Glad to hear you are working on this ... would really come in handy in many situations for 4-H, introduction new members, etc. Looking forward to it coming availble!

Brian


----------



## Rex (Nov 30, 2008)

Herb said:


> Rex,
> 
> Just got back from a week in a Colorado Wilderness Area with 10 goats. We shot a lot of video and many stills. I've not reviewed any yet, but there should be some good stuff, and all with the right gear too.  We had two Toggs along and some spectacular back drops, will let you know once I can get to it.


Sounds perfect!


----------



## sanhestar (Dec 10, 2008)

Hi,

I could send you pictures of packgoats in medieval suroundings - Toggi as well.

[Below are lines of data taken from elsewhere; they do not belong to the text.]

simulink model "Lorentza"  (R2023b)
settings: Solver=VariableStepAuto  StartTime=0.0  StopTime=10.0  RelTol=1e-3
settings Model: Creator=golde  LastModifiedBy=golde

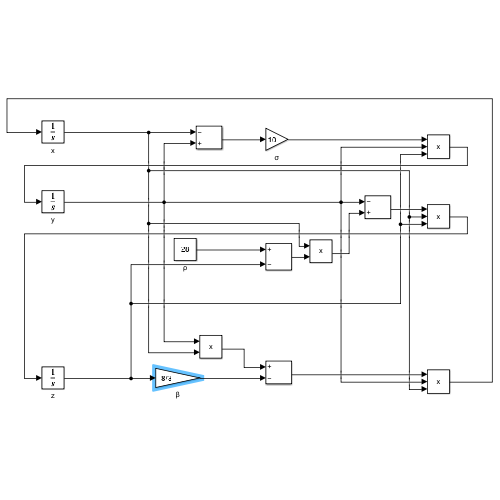
[thumbnail: Simulink's stored preview of the top-level diagram]
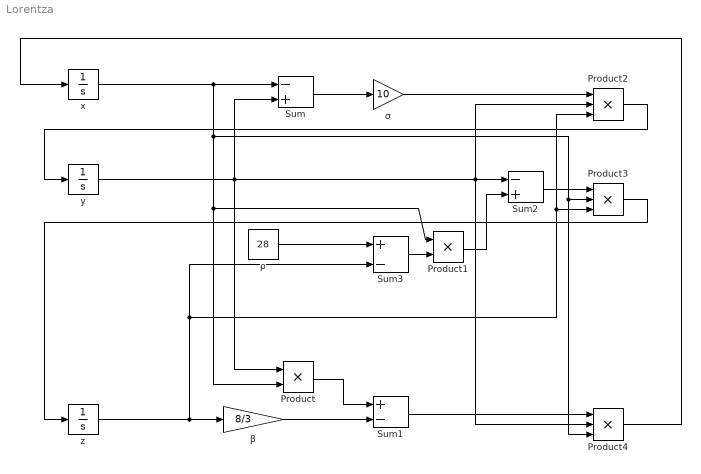
== system Lorentza ==
  Product : Product
  Product1 : Product
  Product2 : Product  Inputs=3
  Product3 : Product  Inputs=3
  Product4 : Product  Inputs=3
  Sum : Sum  Inputs=-+
  Sum1 : Sum  Inputs=+-
  Sum2 : Sum  Inputs=-+
  Sum3 : Sum  Inputs=+-
  x : Integrator  InitialCondition=1
  y : Integrator  InitialCondition=1
  z : Integrator  InitialCondition=1
  β : Gain  Gain=8/3
  ρ : Constant  Value=28
  σ : Gain  Gain=10
  wires:
  x/1 -> Product1/1, Product/2, Product3/2, Product4/3, Sum/1
  y/1 -> Product2/2, Product4/2, Sum2/1, Product/1, Sum/2
  Sum/1 -> σ/1
  z/1 -> Product2/3, Product3/3, Sum3/2, β/1
  β/1 -> Sum1/2
  Product/1 -> Sum1/1
  ρ/1 -> Sum3/1
  Sum3/1 -> Product1/2
  Product1/1 -> Sum2/2
  σ/1 -> Product2/1
  Sum2/1 -> Product3/1
  Sum1/1 -> Product4/1
  Product2/1 -> y/1
  Product3/1 -> z/1
  Product4/1 -> x/1
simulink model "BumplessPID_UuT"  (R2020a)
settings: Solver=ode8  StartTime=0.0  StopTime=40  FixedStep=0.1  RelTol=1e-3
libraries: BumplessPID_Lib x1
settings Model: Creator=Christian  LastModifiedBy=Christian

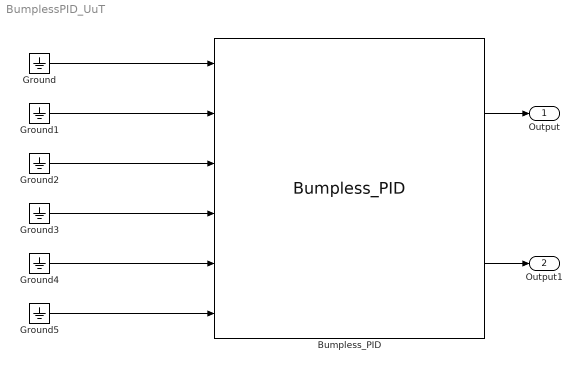
== system BumplessPID_UuT ==
  Bumpless_PID : BumplessPID_Lib/Bumpless_PID  SystemSampleTime=-1  Latency=0  AutoFrameSizeCalculation=off
  Ground{,1..5} (6 alike) : Ground
  Output : Outport
  Output1 : Outport  Port=2
  wires:
  Ground/1 -> Bumpless_PID/1
  Ground1/1 -> Bumpless_PID/2
  Ground2/1 -> Bumpless_PID/3
  Ground3/1 -> Bumpless_PID/4
  Ground4/1 -> Bumpless_PID/5
  Ground5/1 -> Bumpless_PID/6
  Bumpless_PID/1 -> Output/1
  Bumpless_PID/2 -> Output1/1

What about a Swiss Blackneck foto?


----------



## Rex (Nov 30, 2008)

sanhestar said:


> Hi,
> 
> I could send you pictures of packgoats in medieval suroundings - Toggi as well.
> 
> What about a Swiss Blackneck foto?


Sounds interesting. If You send me a Swiss Blackneck photo I'll add them to the list of goats used for packing. Though I've never seen one personally so I'll take your word for it that they work.


----------



## Hasligrove (Dec 10, 2008)

Hey Rex, I should send you a copy of the fun video I did at the 2005 Rende. It has kids, around camp, hiking and chart goats. The hiking is just of a day hike we did so the goats are not really packed up. But there is some great video and several nubians that had never packed before with light dog packs on. Steve Semasko was one with us and I'm sure his gear is yours. It is all formated and set to music but I bet I have the unedited version to I can put on dvd and send too if you are interested. It was beautiful in the Naches, WA area. Let me know.


----------



## Rex (Nov 30, 2008)

Hasligrove said:


> Hey Rex, I should send you a copy of the fun video I did at the 2005 Rende. It has kids, around camp, hiking and chart goats. The hiking is just of a day hike we did so the goats are not really packed up. But there is some great video and several nubians that had never packed before with light dog packs on. Steve Semasko was one with us and I'm sure his gear is yours. It is all formated and set to music but I bet I have the unedited version to I can put on dvd and send too if you are interested. It was beautiful in the Naches, WA area. Let me know.


I'll take everything I can get. The more I have to choose from the better. I'll email you my address.
Thanks!


----------